Abate: sudore e sacrificio

Allenamenti molto più intensi rispetto alle ultime stagioni caratterizzano il ritiro granata a Pinzolo

Andrea PivaAndrea Piva

Pubblicato il 22.07.2026, 13:00

5 min

TorinoTorino Tutte le notizie sulla squadra

Le parole pronunciate da Sandro Kulenovic lunedì mattina, dopo aver concluso uno dei tanti giri di campo, illustrano come meglio non potrebbero il tenore degli allenamenti a Pinzolo: «Non ho mai visto una cosa così». Eppure il centravanti croato non è un calciatore alla prime armi, ha 26 anni e di ritiri nel corso della sua carriera ne ha fatti tanti, con squadre e allenatori differenti. Ha giocato, per esempio, in Polonia nel Legia Varsavia e in Croazia nella Dinamo Zagabria. Non è alle prime armi neppure Ardian Ismajli, che l’altra mattina per un momento è stato tentato dall’alzare bandiera bianca dopo l’ennesimo scatto. «No, basta. Non ne faccio più», ha detto prima di prendere per un attimo fiato, raccogliere le ultime energie e riprendere a correre. Quando i segni della fatica diventano evidenti nei volti dei giocatori, le urla di incoraggiamento da parte di Abate e degli uomini del suo staff non mancano mai. «Dai, dai che questo lavoro poi lo ritroverete in partita», è una delle frasi che l’allenatore ripete più spesso. Ogni calciatore in allenamento percorre (non tutti i giorni, ma quasi) una media di 16 chilometri, ma c’è chi ne mette sulle gambe anche qualcuno in più.

Chilometri su chilometri

Nella prima settimana di lavoro a Pinzolo il lavoro atletico è stato incentrato principalmente sulla quantità, con i calciatori che hanno macinato chilometri su chilometri sui due campi del centro Pineta, da lunedì il lavoro atletico di Abate è stato invece ancora di più incentrato sull’intensità. In questi giorni si sono potuti vedere i giocatori divisi in piccoli gruppi, in base al livello di condizione fisica, dover compiere i giri di campo in tempi prestabiliti. Uno dei calciatori apparso più in forma fino a questo momento del ritiro è Cesare Casadei: il centrocampista lo si è visto spesso guidare il gruppo nei vari giri di campo. Ma è apparso in buona condizione anche Alessio Cacciamani, che ha certamente voglia di mettersi in mostra e sfruttare l’occasione che ha, con un allenatore che lo conosce anche molto bene, per imporsi in Serie A. Durante uno degli ultimi allenamento Abate lo ha addirittura invitato a abbassare il ritmo durante la corsa. «Caccia rallenta, non serve forzare», gli ha gridato l’allenatore mentre l’esterno stava staccando i propri compagni nell’ultimo tratto di corsa. Era da diversi anni che non si vedevano in un ritiro i calciatori granata macinare così tanti chilometri, ma in generale effettuare una preparazione così intensa e dura dal punto di vista fisico.

Dominare il gioco

Il calcio che vuole proporre Abate è fatto di pressione, recupero alto del pallone e possesso. «Voglio dominare il gioco», aveva detto nel giorno della presentazione. Ma non vuole dominarlo solamente sul piano del palleggio, ma anche su quello fisico: questo spiega anche la grande intensità che sta caratterizzando gli allenamenti di Pinzolo, in particolare quelli mattutini.

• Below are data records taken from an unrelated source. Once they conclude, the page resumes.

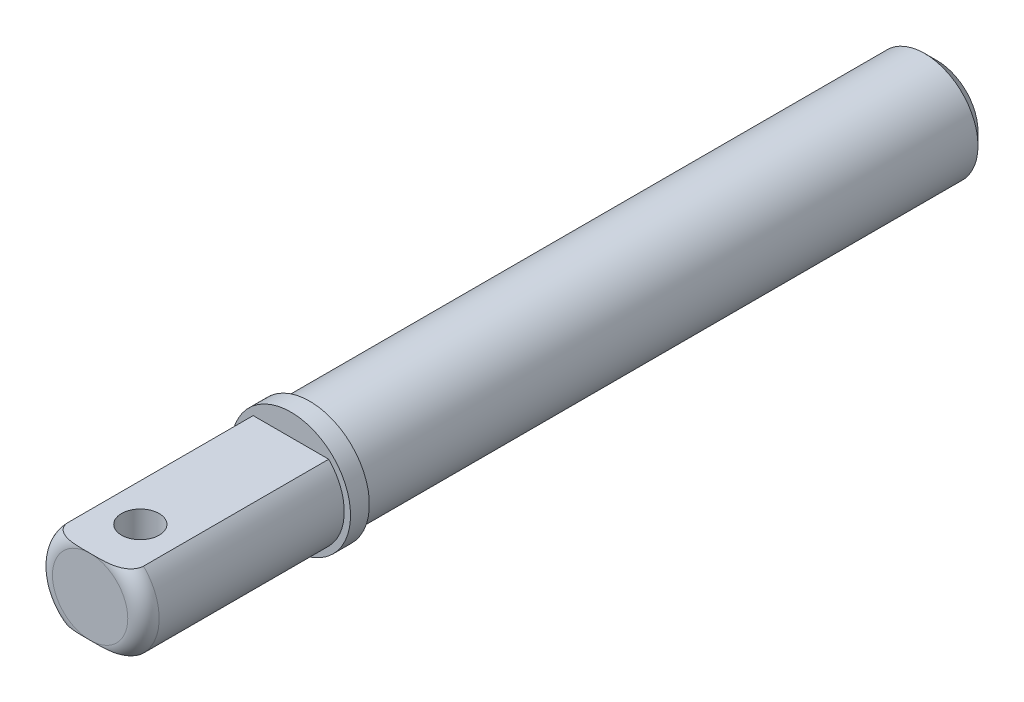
ISO-10303-21;
HEADER;
FILE_DESCRIPTION(('STEP AP214'),'2;1');
FILE_NAME('part.step','',(''),(''),'','','');
FILE_SCHEMA(('AUTOMOTIVE_DESIGN { 1 0 10303 214 1 1 1 1 }'));
ENDSEC;
DATA;
#1=APPLICATION_CONTEXT('core data for automotive mechanical design processes');
#2=APPLICATION_PROTOCOL_DEFINITION('international standard','automotive_design',2000,#1);
#3=PRODUCT_CONTEXT('',#1,'mechanical');
#4=PRODUCT('Part','Part','',(#3));
#5=PRODUCT_RELATED_PRODUCT_CATEGORY('part','',(#4));
#6=PRODUCT_DEFINITION_FORMATION('','',#4);
#7=PRODUCT_DEFINITION_CONTEXT('part definition',#1,'design');
#8=PRODUCT_DEFINITION('design','',#6,#7);
#9=PRODUCT_DEFINITION_SHAPE('','',#8);
#10=(LENGTH_UNIT() NAMED_UNIT(*) SI_UNIT(.MILLI.,.METRE.));
#11=(NAMED_UNIT(*) PLANE_ANGLE_UNIT() SI_UNIT($,.RADIAN.));
#12=(NAMED_UNIT(*) SI_UNIT($,.STERADIAN.) SOLID_ANGLE_UNIT());
#13=UNCERTAINTY_MEASURE_WITH_UNIT(LENGTH_MEASURE(1.E-05),#10,'distance_accuracy_value','');
#14=(GEOMETRIC_REPRESENTATION_CONTEXT(3) GLOBAL_UNCERTAINTY_ASSIGNED_CONTEXT((#13)) GLOBAL_UNIT_ASSIGNED_CONTEXT((#10,
#11,#12)) REPRESENTATION_CONTEXT('',''));
#15=CARTESIAN_POINT('',(0.,0.,0.));
#16=DIRECTION('',(0.,0.,1.));
#17=DIRECTION('',(1.,0.,0.));
#18=AXIS2_PLACEMENT_3D('',#15,#16,#17);
#19=CARTESIAN_POINT('',(0.,0.,135.));
#20=DIRECTION('',(0.,0.,-1.));
#21=DIRECTION('',(-1.,0.,0.));
#22=AXIS2_PLACEMENT_3D('',#19,#20,#21);
#23=CYLINDRICAL_SURFACE('',#22,8.5);
#24=DIRECTION('',(0.,0.,-1.));
#25=VECTOR('',#24,1.);
#26=CARTESIAN_POINT('',(-6.02079728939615,-6.,135.));
#27=LINE('',#26,#25);
#28=CARTESIAN_POINT('',(-6.02079728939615,-6.,132.5));
#29=VERTEX_POINT('',#28);
#30=CARTESIAN_POINT('',(-6.02079728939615,-6.,103.));
#31=VERTEX_POINT('',#30);
#32=EDGE_CURVE('E71',#29,#31,#27,.T.);
#33=ORIENTED_EDGE('',*,*,#32,.F.);
#34=CARTESIAN_POINT('',(0.,0.,132.5));
#35=DIRECTION('',(0.,0.,1.));
#36=DIRECTION('',(1.,0.,0.));
#37=AXIS2_PLACEMENT_3D('',#34,#35,#36);
#38=CIRCLE('',#37,8.5);
#39=CARTESIAN_POINT('',(-6.02079728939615,6.,132.5));
#40=VERTEX_POINT('',#39);
#41=EDGE_CURVE('E11',#29,#40,#38,.F.);
#42=ORIENTED_EDGE('',*,*,#41,.T.);
#43=DIRECTION('',(0.,0.,-1.));
#44=VECTOR('',#43,1.);
#45=CARTESIAN_POINT('',(-6.02079728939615,6.,135.));
#46=LINE('',#45,#44);
#47=CARTESIAN_POINT('',(-6.02079728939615,6.,103.));
#48=VERTEX_POINT('',#47);
#49=EDGE_CURVE('E94',#40,#48,#46,.T.);
#50=ORIENTED_EDGE('',*,*,#49,.T.);
#51=CARTESIAN_POINT('',(0.,0.,103.));
#52=DIRECTION('',(0.,0.,-1.));
#53=DIRECTION('',(-1.,0.,0.));
#54=AXIS2_PLACEMENT_3D('',#51,#52,#53);
#55=CIRCLE('',#54,8.5);
#56=EDGE_CURVE('E87',#31,#48,#55,.T.);
#57=ORIENTED_EDGE('',*,*,#56,.F.);
#58=EDGE_LOOP('',(#33,#42,#50,#57));
#59=FACE_BOUND('',#58,.T.);
#60=ADVANCED_FACE('F26',(#59),#23,.T.);
#61=DIRECTION('',(0.,0.,-1.));
#62=VECTOR('',#61,1.);
#63=CARTESIAN_POINT('',(6.02079728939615,6.,135.));
#64=LINE('',#63,#62);
#65=CARTESIAN_POINT('',(6.02079728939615,6.,103.));
#66=VERTEX_POINT('',#65);
#67=CARTESIAN_POINT('',(6.02079728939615,6.,132.5));
#68=VERTEX_POINT('',#67);
#69=EDGE_CURVE('E237',#66,#68,#64,.F.);
#70=ORIENTED_EDGE('',*,*,#69,.T.);
#71=CARTESIAN_POINT('',(0.,0.,132.5));
#72=DIRECTION('',(0.,0.,1.));
#73=DIRECTION('',(1.,0.,0.));
#74=AXIS2_PLACEMENT_3D('',#71,#72,#73);
#75=CIRCLE('',#74,8.5);
#76=CARTESIAN_POINT('',(6.02079728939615,-6.,132.5));
#77=VERTEX_POINT('',#76);
#78=EDGE_CURVE('E49',#68,#77,#75,.F.);
#79=ORIENTED_EDGE('',*,*,#78,.T.);
#80=DIRECTION('',(0.,0.,-1.));
#81=VECTOR('',#80,1.);
#82=CARTESIAN_POINT('',(6.02079728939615,-6.,135.));
#83=LINE('',#82,#81);
#84=CARTESIAN_POINT('',(6.02079728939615,-6.,103.));
#85=VERTEX_POINT('',#84);
#86=EDGE_CURVE('E79',#85,#77,#83,.F.);
#87=ORIENTED_EDGE('',*,*,#86,.F.);
#88=EDGE_CURVE('E90',#66,#85,#55,.T.);
#89=ORIENTED_EDGE('',*,*,#88,.F.);
#90=EDGE_LOOP('',(#70,#79,#87,#89));
#91=FACE_BOUND('',#90,.T.);
#92=ADVANCED_FACE('F161',(#91),#23,.T.);
#93=CARTESIAN_POINT('',(0.,0.,135.));
#94=DIRECTION('',(0.,0.,1.));
#95=DIRECTION('',(1.,0.,0.));
#96=AXIS2_PLACEMENT_3D('',#93,#94,#95);
#97=PLANE('',#96);
#98=CARTESIAN_POINT('',(0.,0.,135.));
#99=DIRECTION('',(0.,0.,1.));
#100=DIRECTION('',(1.,0.,0.));
#101=AXIS2_PLACEMENT_3D('',#98,#99,#100);
#102=CIRCLE('',#101,6.);
#103=CARTESIAN_POINT('',(0.,6.,135.));
#104=VERTEX_POINT('',#103);
#105=CARTESIAN_POINT('',(0.,-6.,135.));
#106=VERTEX_POINT('',#105);
#107=EDGE_CURVE('E108',#104,#106,#102,.T.);
#108=ORIENTED_EDGE('',*,*,#107,.T.);
#109=CARTESIAN_POINT('',(0.,0.,135.));
#110=DIRECTION('',(0.,0.,1.));
#111=DIRECTION('',(1.,0.,0.));
#112=AXIS2_PLACEMENT_3D('',#109,#110,#111);
#113=CIRCLE('',#112,6.);
#114=EDGE_CURVE('E114',#106,#104,#113,.T.);
#115=ORIENTED_EDGE('',*,*,#114,.T.);
#116=EDGE_LOOP('',(#108,#115));
#117=FACE_BOUND('',#116,.T.);
#118=ADVANCED_FACE('F153',(#117),#97,.T.);
#119=CARTESIAN_POINT('',(0.,0.,103.));
#120=DIRECTION('',(0.,0.,-1.));
#121=DIRECTION('',(-1.,0.,0.));
#122=AXIS2_PLACEMENT_3D('',#119,#120,#121);
#123=PLANE('',#122);
#124=ORIENTED_EDGE('',*,*,#88,.T.);
#125=DIRECTION('',(1.,0.,0.));
#126=VECTOR('',#125,1.);
#127=CARTESIAN_POINT('',(-20.2681443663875,-6.,103.));
#128=LINE('',#127,#126);
#129=EDGE_CURVE('E74',#31,#85,#128,.T.);
#130=ORIENTED_EDGE('',*,*,#129,.F.);
#131=ORIENTED_EDGE('',*,*,#56,.T.);
#132=DIRECTION('',(1.,0.,0.));
#133=VECTOR('',#132,1.);
#134=CARTESIAN_POINT('',(-40.,6.,103.));
#135=LINE('',#134,#133);
#136=EDGE_CURVE('E78',#48,#66,#135,.T.);
#137=ORIENTED_EDGE('',*,*,#136,.T.);
#138=EDGE_LOOP('',(#124,#130,#131,#137));
#139=FACE_BOUND('',#138,.T.);
#140=CARTESIAN_POINT('',(0.,0.,103.));
#141=DIRECTION('',(0.,0.,-1.));
#142=DIRECTION('',(-1.,0.,0.));
#143=AXIS2_PLACEMENT_3D('',#140,#141,#142);
#144=CIRCLE('',#143,9.5);
#145=CARTESIAN_POINT('',(-9.5,0.,103.));
#146=VERTEX_POINT('',#145);
#147=EDGE_CURVE('E99',#146,#146,#144,.T.);
#148=ORIENTED_EDGE('',*,*,#147,.F.);
#149=EDGE_LOOP('',(#148));
#150=FACE_BOUND('',#149,.T.);
#151=ADVANCED_FACE('F84',(#139,#150),#123,.F.);
#152=CARTESIAN_POINT('',(0.,0.,100.));
#153=DIRECTION('',(0.,0.,-1.));
#154=DIRECTION('',(-1.,0.,0.));
#155=AXIS2_PLACEMENT_3D('',#152,#153,#154);
#156=PLANE('',#155);
#157=CARTESIAN_POINT('',(0.,0.,100.));
#158=DIRECTION('',(0.,0.,-1.));
#159=DIRECTION('',(-1.,0.,0.));
#160=AXIS2_PLACEMENT_3D('',#157,#158,#159);
#161=CIRCLE('',#160,9.5);
#162=CARTESIAN_POINT('',(-9.5,0.,100.));
#163=VERTEX_POINT('',#162);
#164=EDGE_CURVE('E240',#163,#163,#161,.T.);
#165=ORIENTED_EDGE('',*,*,#164,.T.);
#166=EDGE_LOOP('',(#165));
#167=FACE_BOUND('',#166,.T.);
#168=CARTESIAN_POINT('',(0.,0.,100.));
#169=DIRECTION('',(0.,0.,-1.));
#170=DIRECTION('',(-1.,0.,0.));
#171=AXIS2_PLACEMENT_3D('',#168,#169,#170);
#172=CIRCLE('',#171,8.5);
#173=CARTESIAN_POINT('',(-8.5,0.,100.));
#174=VERTEX_POINT('',#173);
#175=EDGE_CURVE('E95',#174,#174,#172,.T.);
#176=ORIENTED_EDGE('',*,*,#175,.F.);
#177=EDGE_LOOP('',(#176));
#178=FACE_BOUND('',#177,.T.);
#179=ADVANCED_FACE('F146',(#167,#178),#156,.T.);
#180=CARTESIAN_POINT('',(0.,0.,103.));
#181=DIRECTION('',(0.,0.,-1.));
#182=DIRECTION('',(-1.,0.,0.));
#183=AXIS2_PLACEMENT_3D('',#180,#181,#182);
#184=CYLINDRICAL_SURFACE('',#183,9.5);
#185=ORIENTED_EDGE('',*,*,#147,.T.);
#186=EDGE_LOOP('',(#185));
#187=FACE_BOUND('',#186,.T.);
#188=ORIENTED_EDGE('',*,*,#164,.F.);
#189=EDGE_LOOP('',(#188));
#190=FACE_BOUND('',#189,.T.);
#191=ADVANCED_FACE('F149',(#187,#190),#184,.T.);
#192=CARTESIAN_POINT('',(0.,0.,0.));
#193=DIRECTION('',(0.,0.,1.));
#194=DIRECTION('',(1.,0.,0.));
#195=AXIS2_PLACEMENT_3D('',#192,#193,#194);
#196=PLANE('',#195);
#197=CARTESIAN_POINT('',(0.,0.,0.));
#198=DIRECTION('',(0.,0.,1.));
#199=DIRECTION('',(1.,0.,0.));
#200=AXIS2_PLACEMENT_3D('',#197,#198,#199);
#201=CIRCLE('',#200,6.49999999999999);
#202=CARTESIAN_POINT('',(6.49999999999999,0.,0.));
#203=VERTEX_POINT('',#202);
#204=EDGE_CURVE('E105',#203,#203,#201,.F.);
#205=ORIENTED_EDGE('',*,*,#204,.T.);
#206=EDGE_LOOP('',(#205));
#207=FACE_BOUND('',#206,.T.);
#208=ADVANCED_FACE('F156',(#207),#196,.F.);
#209=CARTESIAN_POINT('',(0.,0.,2.00000000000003));
#210=DIRECTION('',(0.,0.,1.));
#211=DIRECTION('',(1.,0.,0.));
#212=AXIS2_PLACEMENT_3D('',#209,#210,#211);
#213=CIRCLE('',#212,8.5);
#214=CARTESIAN_POINT('',(8.5,0.,2.00000000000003));
#215=VERTEX_POINT('',#214);
#216=EDGE_CURVE('E97',#215,#215,#213,.T.);
#217=ORIENTED_EDGE('',*,*,#216,.T.);
#218=EDGE_LOOP('',(#217));
#219=FACE_BOUND('',#218,.T.);
#220=ORIENTED_EDGE('',*,*,#175,.T.);
#221=EDGE_LOOP('',(#220));
#222=FACE_BOUND('',#221,.T.);
#223=ADVANCED_FACE('F28',(#219,#222),#23,.T.);
#224=CARTESIAN_POINT('',(0.,0.,2.00000000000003));
#225=DIRECTION('',(0.,0.,1.));
#226=DIRECTION('',(1.,0.,0.));
#227=AXIS2_PLACEMENT_3D('',#224,#225,#226);
#228=CONICAL_SURFACE('',#227,8.5,0.785398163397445);
#229=ORIENTED_EDGE('',*,*,#204,.F.);
#230=EDGE_LOOP('',(#229));
#231=FACE_BOUND('',#230,.T.);
#232=ORIENTED_EDGE('',*,*,#216,.F.);
#233=EDGE_LOOP('',(#232));
#234=FACE_BOUND('',#233,.T.);
#235=ADVANCED_FACE('F138',(#231,#234),#228,.T.);
#236=CARTESIAN_POINT('',(30.,6.,103.));
#237=DIRECTION('',(0.,-1.,0.));
#238=DIRECTION('',(0.,0.,-1.));
#239=AXIS2_PLACEMENT_3D('',#236,#237,#238);
#240=PLANE('',#239);
#241=CARTESIAN_POINT('',(0.,6.,127.));
#242=DIRECTION('',(0.,1.,0.));
#243=DIRECTION('',(0.,0.,1.));
#244=AXIS2_PLACEMENT_3D('',#241,#242,#243);
#245=CIRCLE('',#244,3.);
#246=CARTESIAN_POINT('',(0.,6.,130.));
#247=VERTEX_POINT('',#246);
#248=EDGE_CURVE('E111',#247,#247,#245,.T.);
#249=ORIENTED_EDGE('',*,*,#248,.F.);
#250=EDGE_LOOP('',(#249));
#251=FACE_BOUND('',#250,.T.);
#252=CARTESIAN_POINT('',(-6.02079728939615,6.,132.5));
#253=CARTESIAN_POINT('',(-6.02081194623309,6.,132.554591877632));
#254=CARTESIAN_POINT('',(-6.01827326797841,6.,132.609176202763));
#255=CARTESIAN_POINT('',(-6.00820170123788,6.,132.717853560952));
#256=CARTESIAN_POINT('',(-6.00067149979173,6.,132.771946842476));
#257=CARTESIAN_POINT('',(-5.98079607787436,6.,132.878865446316));
#258=CARTESIAN_POINT('',(-5.96848352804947,6.,132.931696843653));
#259=CARTESIAN_POINT('',(-5.93925645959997,6.,133.036058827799));
#260=CARTESIAN_POINT('',(-5.92234154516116,6.,133.087589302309));
#261=CARTESIAN_POINT('',(-5.86513119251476,6.,133.239490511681));
#262=CARTESIAN_POINT('',(-5.81831175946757,6.,133.337475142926));
#263=CARTESIAN_POINT('',(-5.70978737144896,6.,133.524866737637));
#264=CARTESIAN_POINT('',(-5.64805515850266,6.,133.614257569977));
#265=CARTESIAN_POINT('',(-5.49057360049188,6.,133.810513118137));
#266=CARTESIAN_POINT('',(-5.39027285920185,6.,133.913725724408));
#267=CARTESIAN_POINT('',(-5.1744093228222,6.,134.102358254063));
#268=CARTESIAN_POINT('',(-5.05884275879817,6.,134.18777377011));
#269=CARTESIAN_POINT('',(-4.85060961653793,6.,134.320546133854));
#270=CARTESIAN_POINT('',(-4.76042957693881,6.,134.371899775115));
#271=CARTESIAN_POINT('',(-4.57586693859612,6.,134.466507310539));
#272=CARTESIAN_POINT('',(-4.48148190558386,6.,134.509756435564));
#273=CARTESIAN_POINT('',(-4.28877358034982,6.,134.589215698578));
#274=CARTESIAN_POINT('',(-4.19042132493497,6.,134.625354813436));
#275=CARTESIAN_POINT('',(-3.991585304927,6.,134.690853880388));
#276=CARTESIAN_POINT('',(-3.891103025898,6.,134.720218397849));
#277=CARTESIAN_POINT('',(-3.63172856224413,6.,134.787836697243));
#278=CARTESIAN_POINT('',(-3.47172568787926,6.,134.821820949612));
#279=CARTESIAN_POINT('',(-3.14966430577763,6.,134.878286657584));
#280=CARTESIAN_POINT('',(-2.98760418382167,6.,134.900758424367));
#281=CARTESIAN_POINT('',(-2.66169541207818,6.,134.93702255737));
#282=CARTESIAN_POINT('',(-2.49784183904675,6.,134.950768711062));
#283=CARTESIAN_POINT('',(-2.16971954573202,6.,134.971931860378));
#284=CARTESIAN_POINT('',(-2.0054507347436,6.,134.979347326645));
#285=CARTESIAN_POINT('',(-1.68683493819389,6.,134.989733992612));
#286=CARTESIAN_POINT('',(-1.53249492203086,6.,134.992949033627));
#287=CARTESIAN_POINT('',(-1.22378217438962,6.,134.997277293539));
#288=CARTESIAN_POINT('',(-1.06940944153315,6.,134.998390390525));
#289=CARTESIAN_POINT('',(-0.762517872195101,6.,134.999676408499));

Il pomeriggio invece è solitamente riservato alla tattica, al lavoro con il pallone, ai movimenti di squadra nel pressing, alla costruzione dell’azione del basso. In altre parole, se al mattino Abate richiede grande intensità, al pomeriggio vuole la qualità, anche se le gambe dei suoi calciatori non girano ancora alla perfezione, come d’altronde è normale che sia in questo momento della preparazione. Le idee di gioco di Abate si sono però iniziate a intravedere nel corso della prima amichevole, quella di sabato scorso contro il Pinzolo Valrendena (formazione che milita in Prima categoria). Oggi pomeriggio, alle 17.30 (Dazn anche in chiaro e tv.torinofc.it), è prevista la seconda amichevole di questo ritiro: quella contro l’Alcione Milano (Serie C). Il test contro i lombardi sarà anche l’occasione per vedere all’opera Duvan Zapata, che non era sceso in campo nella precedente partita, ma aveva svolto un apposito lavoro atletico (normale gestione dei carichi di lavoro). Inevitabilmente la fatica di questi dieci giorni di ritiro si farà sentire, ma c’è curiosità per vedere i progressi fatti dalla squadra.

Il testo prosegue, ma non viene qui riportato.